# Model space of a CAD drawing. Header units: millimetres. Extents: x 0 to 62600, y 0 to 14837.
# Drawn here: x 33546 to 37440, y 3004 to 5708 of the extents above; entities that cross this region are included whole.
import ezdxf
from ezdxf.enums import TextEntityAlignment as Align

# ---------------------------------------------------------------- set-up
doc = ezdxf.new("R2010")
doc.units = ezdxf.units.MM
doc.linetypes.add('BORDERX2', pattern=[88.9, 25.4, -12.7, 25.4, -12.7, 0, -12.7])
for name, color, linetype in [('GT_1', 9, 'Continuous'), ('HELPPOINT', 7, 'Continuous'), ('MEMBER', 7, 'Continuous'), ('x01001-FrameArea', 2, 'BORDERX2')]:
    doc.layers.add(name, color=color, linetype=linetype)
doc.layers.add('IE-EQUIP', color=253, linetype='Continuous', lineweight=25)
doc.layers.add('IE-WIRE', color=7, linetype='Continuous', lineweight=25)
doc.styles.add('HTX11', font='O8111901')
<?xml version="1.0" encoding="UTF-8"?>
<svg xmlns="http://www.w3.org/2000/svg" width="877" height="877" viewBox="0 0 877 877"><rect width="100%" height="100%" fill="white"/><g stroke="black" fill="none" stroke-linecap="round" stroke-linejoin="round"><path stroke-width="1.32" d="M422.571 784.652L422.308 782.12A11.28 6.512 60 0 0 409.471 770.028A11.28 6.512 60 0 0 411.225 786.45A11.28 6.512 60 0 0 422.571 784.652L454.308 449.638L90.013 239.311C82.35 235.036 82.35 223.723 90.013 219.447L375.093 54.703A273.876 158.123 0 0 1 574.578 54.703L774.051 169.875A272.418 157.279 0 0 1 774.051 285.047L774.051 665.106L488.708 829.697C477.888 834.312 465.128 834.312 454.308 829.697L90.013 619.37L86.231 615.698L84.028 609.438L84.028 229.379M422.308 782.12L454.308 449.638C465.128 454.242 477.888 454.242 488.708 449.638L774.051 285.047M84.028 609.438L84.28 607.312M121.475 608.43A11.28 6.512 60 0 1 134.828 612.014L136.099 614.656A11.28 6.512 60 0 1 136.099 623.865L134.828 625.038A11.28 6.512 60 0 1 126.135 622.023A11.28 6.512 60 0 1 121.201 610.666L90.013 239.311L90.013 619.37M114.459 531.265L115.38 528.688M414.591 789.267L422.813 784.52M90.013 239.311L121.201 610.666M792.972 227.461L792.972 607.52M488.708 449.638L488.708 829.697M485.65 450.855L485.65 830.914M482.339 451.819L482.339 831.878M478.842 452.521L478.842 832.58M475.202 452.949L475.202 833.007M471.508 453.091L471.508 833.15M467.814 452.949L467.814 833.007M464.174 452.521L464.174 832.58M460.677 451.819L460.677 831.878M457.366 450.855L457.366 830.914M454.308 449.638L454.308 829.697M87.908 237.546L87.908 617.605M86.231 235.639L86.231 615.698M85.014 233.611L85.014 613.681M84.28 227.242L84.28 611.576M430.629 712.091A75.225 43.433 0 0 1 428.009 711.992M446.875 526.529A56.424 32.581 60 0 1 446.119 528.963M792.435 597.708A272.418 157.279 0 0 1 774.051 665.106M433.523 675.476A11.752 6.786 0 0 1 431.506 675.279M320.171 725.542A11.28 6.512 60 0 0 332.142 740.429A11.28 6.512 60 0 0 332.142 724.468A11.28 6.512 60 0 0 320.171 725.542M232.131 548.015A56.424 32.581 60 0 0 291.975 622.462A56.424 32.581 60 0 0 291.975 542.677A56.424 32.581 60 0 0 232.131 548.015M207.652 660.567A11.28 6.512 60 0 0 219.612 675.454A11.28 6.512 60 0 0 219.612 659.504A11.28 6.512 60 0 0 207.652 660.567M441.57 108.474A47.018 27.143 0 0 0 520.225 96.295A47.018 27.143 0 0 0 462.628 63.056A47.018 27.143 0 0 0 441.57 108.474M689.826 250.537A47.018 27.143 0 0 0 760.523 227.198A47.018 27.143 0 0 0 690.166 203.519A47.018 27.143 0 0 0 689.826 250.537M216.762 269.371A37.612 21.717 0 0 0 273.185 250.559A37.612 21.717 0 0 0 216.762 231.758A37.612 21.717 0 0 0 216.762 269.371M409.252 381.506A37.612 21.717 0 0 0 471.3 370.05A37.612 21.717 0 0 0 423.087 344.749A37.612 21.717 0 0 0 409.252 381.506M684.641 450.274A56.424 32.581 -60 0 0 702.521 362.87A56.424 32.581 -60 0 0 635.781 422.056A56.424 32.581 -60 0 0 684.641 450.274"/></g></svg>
----------------
*Task statement:* Please repeat the data in full so that nothing differs from the original.

*Completed exercise:*
# Model space of a CAD drawing. Header units: millimetres. Extents: x 0 to 62600, y 0 to 14837.
# Drawn here: x 33546 to 37440, y 3004 to 5708 of the extents above; entities that cross this region are included whole.
import ezdxf
from ezdxf.enums import TextEntityAlignment as Align

# ---------------------------------------------------------------- set-up
doc = ezdxf.new("R2010")
doc.units = ezdxf.units.MM
doc.linetypes.add('BORDERX2', pattern=[88.9, 25.4, -12.7, 25.4, -12.7, 0, -12.7])
for name, color, linetype in [('GT_1', 9, 'Continuous'), ('HELPPOINT', 7, 'Continuous'), ('MEMBER', 7, 'Continuous'), ('x01001-FrameArea', 2, 'BORDERX2')]:
    doc.layers.add(name, color=color, linetype=linetype)
doc.layers.add('IE-EQUIP', color=253, linetype='Continuous', lineweight=25)
doc.layers.add('IE-WIRE', color=7, linetype='Continuous', lineweight=25)
doc.styles.add('HTX11', font='O8111901')
<?xml version="1.0" encoding="UTF-8"?>
<svg xmlns="http://www.w3.org/2000/svg" width="877" height="877" viewBox="0 0 877 877"><rect width="100%" height="100%" fill="white"/><g stroke="black" fill="none" stroke-linecap="round" stroke-linejoin="round"><path stroke-width="1.32" d="M422.571 784.652L422.308 782.12A11.28 6.512 60 0 0 409.471 770.028A11.28 6.512 60 0 0 411.225 786.45A11.28 6.512 60 0 0 422.571 784.652L454.308 449.638L90.013 239.311C82.35 235.036 82.35 223.723 90.013 219.447L375.093 54.703A273.876 158.123 0 0 1 574.578 54.703L774.051 169.875A272.418 157.279 0 0 1 774.051 285.047L774.051 665.106L488.708 829.697C477.888 834.312 465.128 834.312 454.308 829.697L90.013 619.37L86.231 615.698L84.028 609.438L84.028 229.379M422.308 782.12L454.308 449.638C465.128 454.242 477.888 454.242 488.708 449.638L774.051 285.047M84.028 609.438L84.28 607.312M121.475 608.43A11.28 6.512 60 0 1 134.828 612.014L136.099 614.656A11.28 6.512 60 0 1 136.099 623.865L134.828 625.038A11.28 6.512 60 0 1 126.135 622.023A11.28 6.512 60 0 1 121.201 610.666L90.013 239.311L90.013 619.37M114.459 531.265L115.38 528.688M414.591 789.267L422.813 784.52M90.013 239.311L121.201 610.666M792.972 227.461L792.972 607.52M488.708 449.638L488.708 829.697M485.65 450.855L485.65 830.914M482.339 451.819L482.339 831.878M478.842 452.521L478.842 832.58M475.202 452.949L475.202 833.007M471.508 453.091L471.508 833.15M467.814 452.949L467.814 833.007M464.174 452.521L464.174 832.58M460.677 451.819L460.677 831.878M457.366 450.855L457.366 830.914M454.308 449.638L454.308 829.697M87.908 237.546L87.908 617.605M86.231 235.639L86.231 615.698M85.014 233.611L85.014 613.681M84.28 227.242L84.28 611.576M430.629 712.091A75.225 43.433 0 0 1 428.009 711.992M446.875 526.529A56.424 32.581 60 0 1 446.119 528.963M792.435 597.708A272.418 157.279 0 0 1 774.051 665.106M433.523 675.476A11.752 6.786 0 0 1 431.506 675.279M320.171 725.542A11.28 6.512 60 0 0 332.142 740.429A11.28 6.512 60 0 0 332.142 724.468A11.28 6.512 60 0 0 320.171 725.542M232.131 548.015A56.424 32.581 60 0 0 291.975 622.462A56.424 32.581 60 0 0 291.975 542.677A56.424 32.581 60 0 0 232.131 548.015M207.652 660.567A11.28 6.512 60 0 0 219.612 675.454A11.28 6.512 60 0 0 219.612 659.504A11.28 6.512 60 0 0 207.652 660.567M441.57 108.474A47.018 27.143 0 0 0 520.225 96.295A47.018 27.143 0 0 0 462.628 63.056A47.018 27.143 0 0 0 441.57 108.474M689.826 250.537A47.018 27.143 0 0 0 760.523 227.198A47.018 27.143 0 0 0 690.166 203.519A47.018 27.143 0 0 0 689.826 250.537M216.762 269.371A37.612 21.717 0 0 0 273.185 250.559A37.612 21.717 0 0 0 216.762 231.758A37.612 21.717 0 0 0 216.762 269.371M409.252 381.506A37.612 21.717 0 0 0 471.3 370.05A37.612 21.717 0 0 0 423.087 344.749A37.612 21.717 0 0 0 409.252 381.506M684.641 450.274A56.424 32.581 -60 0 0 702.521 362.87A56.424 32.581 -60 0 0 635.781 422.056A56.424 32.581 -60 0 0 684.641 450.274"/></g></svg>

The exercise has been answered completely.